Semantic arguments about the precise interpretation from the classical Arabic of the sixth century Hijaz does not hide the fact that many Islamic radicals, encouraged by their fundamentalist clerics, interpret 'fight back' as 'go and kill' in the context of the Middle East conflicts between Israel and Palestine in which Israel, and anyone who supports Israel, is seen as the enemy.
And Qur'an 8:12 seems unequivocal:
Remember thy Lord inspired the angels (with the message): "I am with you: give firmness to the Believers: I will instil terror into the hearts of the Unbelievers: smite ye above their necks and smite all their finger-tips off them.
Qur'an 8:12 (Interpretation: Yusuf Ali)
The problem here is the same as the one I highlighted some time ago with reference to the dispute between Richard Dawkins and the journalist Mehdi Hassan in Why Faith is Dangerous. It is perhaps the fundamental belief of Islam that the Qur'an is the literal word of Allah as revealed to Mohammad and is therefore perfect and complete in every minute detail. I remember discussing religion with an Egyptian Muslim cardiac surgeon who worked in the UK but whom we met on holiday in Istanbul. He was highly intelligent and a delight to be with as we toured the mosques and churches and spent an afternoon at the Topkapi Palace, but he was unshakeable in his belief that the Qur'an came from God and was the only perfect thing in the Universe.
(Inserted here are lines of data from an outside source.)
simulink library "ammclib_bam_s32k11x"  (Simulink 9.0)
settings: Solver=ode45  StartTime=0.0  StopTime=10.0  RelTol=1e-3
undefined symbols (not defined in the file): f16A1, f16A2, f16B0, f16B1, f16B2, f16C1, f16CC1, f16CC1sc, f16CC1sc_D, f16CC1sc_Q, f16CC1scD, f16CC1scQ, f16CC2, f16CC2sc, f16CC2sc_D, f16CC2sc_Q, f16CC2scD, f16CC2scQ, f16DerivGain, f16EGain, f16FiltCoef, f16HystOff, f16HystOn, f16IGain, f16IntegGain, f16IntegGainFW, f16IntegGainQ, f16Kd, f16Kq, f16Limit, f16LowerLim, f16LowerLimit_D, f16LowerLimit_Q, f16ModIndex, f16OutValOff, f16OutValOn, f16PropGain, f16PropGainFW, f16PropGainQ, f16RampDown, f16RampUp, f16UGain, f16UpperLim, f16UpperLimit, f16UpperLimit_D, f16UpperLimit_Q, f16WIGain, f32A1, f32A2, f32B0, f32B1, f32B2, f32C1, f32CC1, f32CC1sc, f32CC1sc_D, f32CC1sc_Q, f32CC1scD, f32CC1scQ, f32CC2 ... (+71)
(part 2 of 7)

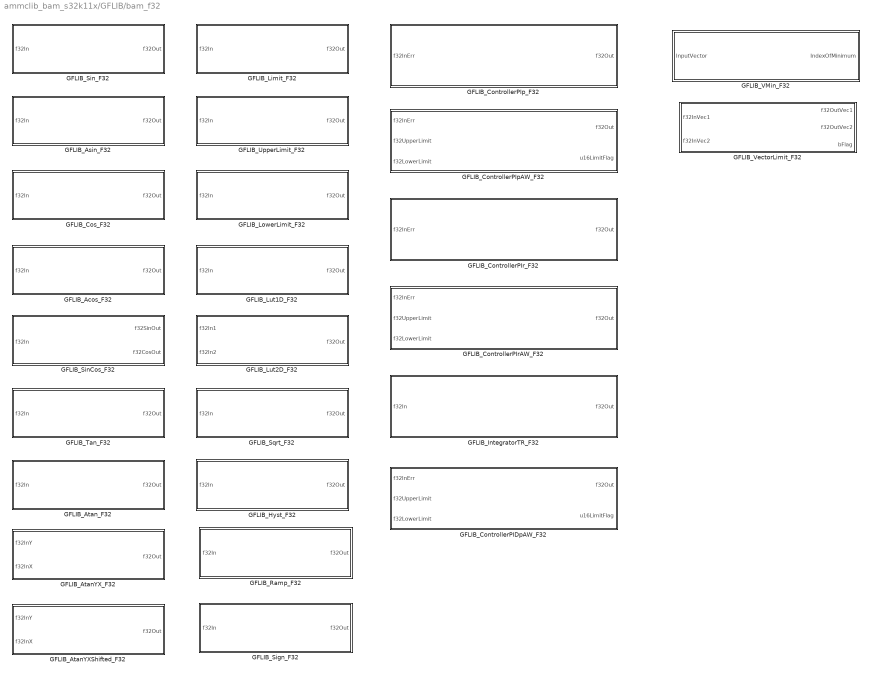
== system ammclib_bam_s32k11x/GFLIB/bam_f32 ==
  GFLIB_Acos_F32 : Subsystem  mask(GFLIB_Acos_F32){}
      mask help: Bit accurate model of GFLIB_Acos function, which computes the acos(fltIn) using the 4th order Taylor polynomial approximation.
      mask init:
      | pos = get_param(gcb, 'Position');width = pos(3) - pos(1); height = pos(4) - pos(2);tX=width/2;tY=height*0.9;
      mask Help: web(fullfile(mbd_s32k_mc_block_help('s32k11x'), 'S32K11XMCLUG.pdf'), '-browser')
      mask Display: color('black');port_label('input',1,'f32In');port_label('output',1,'f32Out');color('black');disp('GFLIB_Acos_F32');color('blue');text(tX,tY, 'BAM', 'horizontalAlignment', 'center');
  GFLIB_Asin_F32 : Subsystem  mask(GFLIB_Asin_F32){}
      mask help: Bit accurate model of GFLIB_Asin function, which computes the asin(f32In) using the 4th order Taylor polynomial approximation.
      mask init:
      | pos = get_param(gcb, 'Position');width = pos(3) - pos(1); height = pos(4) - pos(2);tX=width/2;tY=height*0.9;
      mask Help: web(fullfile(mbd_s32k_mc_block_help('s32k11x'), 'S32K11XMCLUG.pdf'), '-browser')
      mask Display: color('black');port_label('input',1,'f32In');port_label('output',1,'f32Out');color('black');disp('GFLIB_Asin_F32');color('blue');text(tX,tY, 'BAM', 'horizontalAlignment', 'center');
  GFLIB_AtanYXShifted_F32 : Subsystem  mask(GFLIB_AtanYXShifted_F32){Ky=Ky, Kx=Kx, Ny=Ny, Nx=Nx, ThetaAdj=ThetaAdj}
      mask help: Bit accurate model of GFLIB_AtanYXShifted function.
      mask init:
      | pos = get_param(gcb, 'Position');width = pos(3) - pos(1); height = pos(4) - pos(2);tX=width/2;tY=height*0.9;
      mask Help: web(fullfile(mbd_s32k_mc_block_help('s32k11x'), 'S32K11XMCLUG.pdf'), '-browser')
      mask Display: color('black');port_label('input',1,'f32InY');port_label('input',2,'f32InX');port_label('output',1,'f32Out');color('black');disp('GFLIB_AtanYXShifted_F32');color('blue');text(tX,tY, 'BAM', 'horizontalAlignment', 'center');
  GFLIB_AtanYX_F32 : Subsystem  mask(GFLIB_AtanYX_F32){}
      mask help: Bit accurate model of GFLIB_AtanYX function.
      mask init:
      | pos = get_param(gcb, 'Position');width = pos(3) - pos(1); height = pos(4) - pos(2);tX=width/2;tY=height*0.9;
      mask Help: web(fullfile(mbd_s32k_mc_block_help('s32k11x'), 'S32K11XMCLUG.pdf'), '-browser')
      mask Display: color('black');port_label('input',1,'f32InY');port_label('input',2,'f32InX');port_label('output',1,'f32Out');color('black');disp('GFLIB_AtanYX_F32');color('blue');text(tX,tY, 'BAM', 'horizontalAlignment', 'center');
  GFLIB_Atan_F32 : Subsystem  mask(GFLIB_Atan_F32){}
      mask help: Bit accurate model of GFLIB_Atan function, which computes the arctan(f32In) function.
      mask init:
      | pos = get_param(gcb, 'Position');width = pos(3) - pos(1); height = pos(4) - pos(2);tX=width/2;tY=height*0.9;
      mask Help: web(fullfile(mbd_s32k_mc_block_help('s32k11x'), 'S32K11XMCLUG.pdf'), '-browser')
      mask Display: color('black');port_label('input',1,'f32In');port_label('output',1,'f32Out');color('black');disp('GFLIB_Atan_F32');color('blue');text(tX,tY, 'BAM', 'horizontalAlignment', 'center');
  GFLIB_ControllerPIDpAW_F32 : Subsystem  mask(GFLIB_ControllerPIDpAW_F32){f32PropGain=f32PropGain, s16PropGainShift=s16PropGainShift, f32IntegGain=f32IntegGain, s16IntegGainShift=s16IntegGainShift, f32DerivGain=f32DerivGain, s16DerivGainShift=s16DerivGainShift, f32FiltCoef=f32FiltCoef}
      mask help: Bit accurate model of parallel form PID controller. All parameters as well as input and output are 32-bit integers except for s16xxxGainShift parameters which are 16-bit signed integers.
      mask init:
      | pos = get_param(gcb, 'Position');width = pos(3) - pos(1); height = pos(4) - pos(2);tX=width/2;tY=height*0.9;
      mask Display: color('black');port_label('input',1,'f32InErr');port_label('input',2,'f32UpperLimit');port_label('input',3,'f32LowerLimit');port_label('output',1,'f32Out');port_label('output',2,'u16LimitFlag');color('black');disp('GFLIB_ControllerPIDpAW_F32');color('blue');text(tX,tY, 'BAM', 'horizontalAlignment', 'center');
  GFLIB_ControllerPIpAW_F32 : Subsystem  mask(GFLIB_ControllerPIpAW_F32){f32PropGain=f32PropGain, s16PropGainShift=s16PropGainShift, f32IntegGain=f32IntegGain, s16IntegGainShift=s16IntegGainShift}
      mask help: Bit accurate model of parallel form PI controller with anti-windup. All parameters as well as input and output are 32-bit integers except for u16NShift parameter which is 16-bit unsigned integer.
      mask init:
      | pos = get_param(gcb, 'Position');width = pos(3) - pos(1); height = pos(4) - pos(2);tX=width/2;tY=height*0.9;
      mask Help: web(fullfile(mbd_s32k_mc_block_help('s32k11x'), 'S32K11XMCLUG.pdf'), '-browser')
      mask Display: color('black');port_label('input',1,'f32InErr');port_label('input',2,'f32UpperLimit');port_label('input',3,'f32LowerLimit');port_label('output',1,'f32Out');port_label('output',2,'u16LimitFlag');color('black');disp('GFLIB_ControllerPIpAW_F32');color('blue');text(tX,tY, 'BAM', 'horizontalAlignment', 'center');
  GFLIB_ControllerPIp_F32 : Subsystem  mask(GFLIB_ControllerPIp_F32){f32PropGain=f32PropGain, s16PropGainShift=s16PropGainShift, f32IntegGain=f32IntegGain, s16IntegGainShift=s16IntegGainShift}
      mask help: Bit accurate model of parallel form PI controller. All parameters as well as input and output are 32-bit integers except for u16NShift parameter which is 16-bit unsigned integer.
      mask init:
      | pos = get_param(gcb, 'Position');width = pos(3) - pos(1); height = pos(4) - pos(2);tX=width/2;tY=height*0.9;
      mask Help: web(fullfile(mbd_s32k_mc_block_help('s32k11x'), 'S32K11XMCLUG.pdf'), '-browser')
      mask Display:
      | color('black');
      | port_label('input',1,'f32InErr');
      | port_label('output',1,'f32Out');
      | color('black');
      | disp('GFLIB_ControllerPIp_F32');
      | color('blue');
      | text(tX,tY, 'BAM', 'horizontalAlignment', 'center');
  GFLIB_ControllerPIrAW_F32 : Subsystem  mask(GFLIB_ControllerPIrAW_F32){f32CC1=f32CC1, f32CC2=f32CC2, u16NShift=u16NShift}
      mask help: Bit accurate model of reccurent form PI controller with anti-windup. All parameters as well as input and output are 32-bit integers except for u16NShift parameter which is 16-bit unsigned integer.
      mask init:
      | pos = get_param(gcb, 'Position');width = pos(3) - pos(1); height = pos(4) - pos(2);tX=width/2;tY=height*0.9;
      mask Help: web(fullfile(mbd_s32k_mc_block_help('s32k11x'), 'S32K11XMCLUG.pdf'), '-browser')
      mask Display: color('black');port_label('input',1,'f32InErr');port_label('input',2,'f32UpperLimit');port_label('input',3,'f32LowerLimit');port_label('output',1,'f32Out');color('black');disp('GFLIB_ControllerPIrAW_F32');color('blue');text(tX,tY, 'BAM', 'horizontalAlignment', 'center');
  GFLIB_ControllerPIr_F32 : Subsystem  mask(GFLIB_ControllerPIr_F32){f32CC1=f32CC1, f32CC2=f32CC2, u16NShift=u16NShift}
      mask help: Bit accurate model of reccurent form PI controller. All parameters as well as input and output are 32-bit integers except for u16NShift parameter which is 16-bit unsigned integer.
      mask init:
      | pos = get_param(gcb, 'Position');width = pos(3) - pos(1); height = pos(4) - pos(2);tX=width/2;tY=height*0.9;
      mask Help: web(fullfile(mbd_s32k_mc_block_help('s32k11x'), 'S32K11XMCLUG.pdf'), '-browser')
      mask Display:
      | color('black');
      | port_label('input',1,'f32InErr');
      | port_label('output',1,'f32Out');
      | color('black');
      | disp('GFLIB_ControllerPIr_F32');
      | color('blue');
      | text(tX,tY, 'BAM', 'horizontalAlignment', 'center');
  GFLIB_Cos_F32 : Subsystem  mask(GFLIB_Cos_F32){}
      mask help: Bit accurate model of GFLIB_Cos function, which computes the cos(f32In) using the 9th order Taylor polynomial approximation.
      mask init:
      | pos = get_param(gcb, 'Position');width = pos(3) - pos(1); height = pos(4) - pos(2);tX=width/2;tY=height*0.9;
      mask Help: web(fullfile(mbd_s32k_mc_block_help('s32k11x'), 'S32K11XMCLUG.pdf'), '-browser')
      mask Display: color('black');port_label('input',1,'f32In');port_label('output',1,'f32Out');color('black');disp('GFLIB_Cos_F32');color('blue');text(tX,tY, 'BAM', 'horizontalAlignment', 'center');
  GFLIB_Hyst_F32 : Subsystem  mask(GFLIB_Hyst_F32){f32HystOn=f32HystOn, f32HystOff=f32HystOff, f32OutValOn=f32OutValOn, f32OutValOff=f32OutValOff}
      mask help: Bit accurate model of hysteresis function. All parameters as well as input and output are 32-bit integers.
      mask init:
      | pos = get_param(gcb, 'Position');width = pos(3) - pos(1); height = pos(4) - pos(2);tX=width/2;tY=height*0.9;
      mask Help: web(fullfile(mbd_s32k_mc_block_help('s32k11x'), 'S32K11XMCLUG.pdf'), '-browser')
      mask Display: color('black');port_label('input',1,'f32In');port_label('output',1,'f32Out');color('black');disp('GFLIB_Hyst_F32');color('blue');text(tX,tY, 'BAM', 'horizontalAlignment', 'center');
  GFLIB_IntegratorTR_F32 : Subsystem  mask(GFLIB_IntegratorTR_F32){f32C1=f32C1, u16NShift=u16NShift}
      mask help: Bit accurate model of discrete trapezoidal integrator. All parameters as well as input and output are full float range.
      mask init:
      | pos = get_param(gcb, 'Position');width = pos(3) - pos(1); height = pos(4) - pos(2);tX=width/2;tY=height*0.9;
      mask Help: web(fullfile(mbd_s32k_mc_block_help('s32k11x'), 'S32K11XMCLUG.pdf'), '-browser')
      mask Display:
      | color('black');
      | port_label('input',1,'f32In');
      | port_label('output',1,'f32Out');
      | color('black');
      | disp('GFLIB_IntegratorTR_F32');
      | color('blue');
      | text(tX,tY, 'BAM', 'horizontalAlignment', 'center');
  GFLIB_Limit_F32 : Subsystem  mask(GFLIB_Limit){f32UpperLimit=f32UpperLimit, f32LowerLim=f32LowerLim}
      mask help: Bit accurate model of the GFLIB_Limit function.
      mask init:
      | pos = get_param(gcb, 'Position');width = pos(3) - pos(1); height = pos(4) - pos(2);tX=width/2;tY=height*0.9;
      mask Help: web(fullfile(mbd_s32k_mc_block_help('s32k11x'), 'S32K11XMCLUG.pdf'), '-browser')
      mask Display: color('black');port_label('input',1,'f32In');port_label('output',1,'f32Out');color('black');disp('GFLIB_Limit_F32');color('blue');text(tX,tY, 'BAM', 'horizontalAlignment', 'center');
  GFLIB_LowerLimit_F32 : Subsystem  mask(GFLIB_LowerLimit_F32){f32LowerLim=f32LowerLim}
      mask help: Bit accurate model of GFLIB_LowerLimit function.
      mask init:
      | pos = get_param(gcb, 'Position');width = pos(3) - pos(1); height = pos(4) - pos(2);tX=width/2;tY=height*0.9;
      mask Help: web(fullfile(mbd_s32k_mc_block_help('s32k11x'), 'S32K11XMCLUG.pdf'), '-browser')
      mask Display: color('black');port_label('input',1,'f32In');port_label('output',1,'f32Out');color('black');disp('GFLIB_LowerLimit_F32');color('blue');text(tX,tY, 'BAM', 'horizontalAlignment', 'center');
  GFLIB_Lut1D_F32 : Subsystem  mask(GFLIB_Lut1D_F32){u32ShamOffset=u32ShamOffset, pf32Table=pf32Table, s32MidIdx=s32MidIdx}
      mask help: Bit accurate model of Lut1D function.
      mask init:
      | pos = get_param(gcb, 'Position');width = pos(3) - pos(1); height = pos(4) - pos(2);tX=width/2;tY=height*0.9;
      mask Help: web(fullfile(mbd_s32k_mc_block_help('s32k11x'), 'S32K11XMCLUG.pdf'), '-browser')
      mask Display: color('black');port_label('input',1,'f32In');port_label('output',1,'f32Out');color('black');disp('GFLIB_Lut1D_F32');color('blue');text(tX,tY, 'BAM', 'horizontalAlignment', 'center');
  GFLIB_Lut2D_F32 : Subsystem  mask(GFLIB_Lut2D_F32){u32ShamOffset1=u32ShamOffset1, u32ShamOffset2=u32ShamOffset2, pf32Table=pf32Table, s32MidIdx=s32MidIdx}
      mask help: Bit accurate model of Lut2D function.
      mask init:
      | pos = get_param(gcb, 'Position');width = pos(3) - pos(1); height = pos(4) - pos(2);tX=width/2;tY=height*0.9;
      mask Help: web(fullfile(mbd_s32k_mc_block_help('s32k11x'), 'S32K11XMCLUG.pdf'), '-browser')
      mask Display: color('black');port_label('input',1,'f32In1');port_label('input',2,'f32In2');port_label('output',1,'f32Out');color('black');disp('GFLIB_Lut2D_F32');color('blue');text(tX,tY, 'BAM', 'horizontalAlignment', 'center');
  GFLIB_Ramp_F32 : Subsystem  mask(GFLIB_Ramp){f32RampUp=f32RampUp, f32RampDown=f32RampDown}
      mask help: Bit accurate model of ramp function. All parameters as well as input and output are 32bit integers.
      mask init:
      | pos = get_param(gcb, 'Position');width = pos(3) - pos(1); height = pos(4) - pos(2);tX=width/2;tY=height*0.9;
      mask Help: web(fullfile(mbd_s32k_mc_block_help('s32k11x'), 'S32K11XMCLUG.pdf'), '-browser')
      mask Display: color('black');port_label('input',1,'f32In');port_label('output',1,'f32Out');color('black');disp('GFLIB_Ramp_F32');color('blue');text(tX,tY, 'BAM', 'horizontalAlignment', 'center');
  GFLIB_Sign_F32 : Subsystem  mask(GFLIB_Sign_F32){}
      mask help: Bit accurate model of GFLIB_Sign function.
      mask init:
      | pos = get_param(gcb, 'Position');width = pos(3) - pos(1); height = pos(4) - pos(2);tX=width/2;tY=height*0.9;
      mask Help: web(fullfile(mbd_s32k_mc_block_help('s32k11x'), 'S32K11XMCLUG.pdf'), '-browser')
      mask Display: color('black');port_label('input',1,'f32In');port_label('output',1,'f32Out');color('black');disp('GFLIB_Sign_F32');color('blue');text(tX,tY, 'BAM', 'horizontalAlignment', 'center');
  GFLIB_SinCos_F32 : Subsystem  mask(GFLIB_SinCos_F32){}
      mask help: Bit accurate model of GFLIB_SinCos function, which computes the sin(f32n) and cos(f32In) using the 9th order Taylor polynomial approximation.
      mask init:
      | pos = get_param(gcb, 'Position');width = pos(3) - pos(1); height = pos(4) - pos(2);tX=width/2;tY=height*0.9;
      mask Help: web(fullfile(mbd_s32k_mc_block_help('s32k11x'), 'S32K11XMCLUG.pdf'), '-browser')
      mask Display: color('black');port_label('input',1,'f32In');port_label('output',1,'f32SinOut');port_label('output',2,'f32CosOut');color('black');disp('GFLIB_SinCos_F32');color('blue');text(tX,tY, 'BAM', 'horizontalAlignment', 'center');
  GFLIB_Sin_F32 : Subsystem  mask(GFLIB_Sin_F32){}
      mask help: Bit accurate model of GFLIB_Sin function, which computes the sin(f32n) using the 9th order Taylor polynomial approximation.
      mask init:
      | pos = get_param(gcb, 'Position');width = pos(3) - pos(1); height = pos(4) - pos(2);tX=width/2;tY=height*0.9;
      mask Help: web(fullfile(mbd_s32k_mc_block_help('s32k11x'), 'S32K11XMCLUG.pdf'), '-browser')
      mask Display: color('black');port_label('input',1,'f32In');port_label('output',1,'f32Out');color('black');disp('GFLIB_Sin_F32');color('blue');text(tX,tY, 'BAM', 'horizontalAlignment', 'center');
  GFLIB_Sqrt_F32 : Subsystem  mask(GFLIB_Sqrt_F32){}
      mask help: Bit accurate model of GFLIB_Sqrt function, which computes the square root of input value.
      mask init:
      | pos = get_param(gcb, 'Position');width = pos(3) - pos(1); height = pos(4) - pos(2);tX=width/2;tY=height*0.9;
      mask Help: web(fullfile(mbd_s32k_mc_block_help('s32k11x'), 'S32K11XMCLUG.pdf'), '-browser')
      mask Display: color('black');port_label('input',1,'f32In');port_label('output',1,'f32Out');color('black');disp('GFLIB_Sqrt_F32');color('blue');text(tX,tY, 'BAM', 'horizontalAlignment', 'center');
  GFLIB_Tan_F32 : Subsystem  mask(GFLIB_Tan_F32){}
      mask help: Bit accurate model of GFLIB_Tan function, which computes the tan(f32In) function.
      mask init:
      | pos = get_param(gcb, 'Position');width = pos(3) - pos(1); height = pos(4) - pos(2);tX=width/2;tY=height*0.9;
      mask Help: web(fullfile(mbd_s32k_mc_block_help('s32k11x'), 'S32K11XMCLUG.pdf'), '-browser')
      mask Display: color('black');port_label('input',1,'f32In');port_label('output',1,'f32Out');color('black');disp('GFLIB_Tan_F32');color('blue');text(tX,tY, 'BAM', 'horizontalAlignment', 'center');
  GFLIB_UpperLimit_F32 : Subsystem  mask(GFLIB_UpperLimit_F32){f32UpperLim=f32UpperLim}
      mask help: Bit accurate model of GFLIB_UpperLimit function.
      mask init:
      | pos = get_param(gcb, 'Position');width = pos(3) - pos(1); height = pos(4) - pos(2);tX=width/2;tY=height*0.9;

To ask a devout Muslim to modify even one letter (see 'Adam F' above) would be to ask them to abandon this faith and comit the 'blasphemy' of presuming to know better than Allah, or at least to question what Muhammad had remembered. So, Mehdi Hassan must believe that Muhammad literally flew to Heaven and back on a magic flying horse, and the rectors of the French mosques must believe that a Muslim should 'fight back' against the unbelievers and Allah wants unbelievers to be decapitated. The best they can say is what the Christian moderates say about the brutal parts of the Bible - they are 'out of context'; they only applied then in that situation; they need to be read and interpreted with a deep understanding, etc, etc. They are the literal and perfect words of God - but they mean something else
What they can never do is say they were wrong or have become obsolete and should be disregarded in a modern setting. In Islam, even more so than Christianity, religion acts as a drag on the moral development of society and seeks to hold it back in some primitive, more brutal time, so kill the infidel, persecute the homosexuals and demonise the women who want control of their own lives.
Instead, they confirm they are the literal, perfect words of Allah which every true Muslim is mandated to follow and obey. And so the 'moderates', hamstrung by the dogmatism of their sixth century Arabian desert morality, can only throw up their hands in horror when their co-religionists do obey the 'literal and perfect words of Allah', and disclaim any responsibility for them with "pas a mon nom".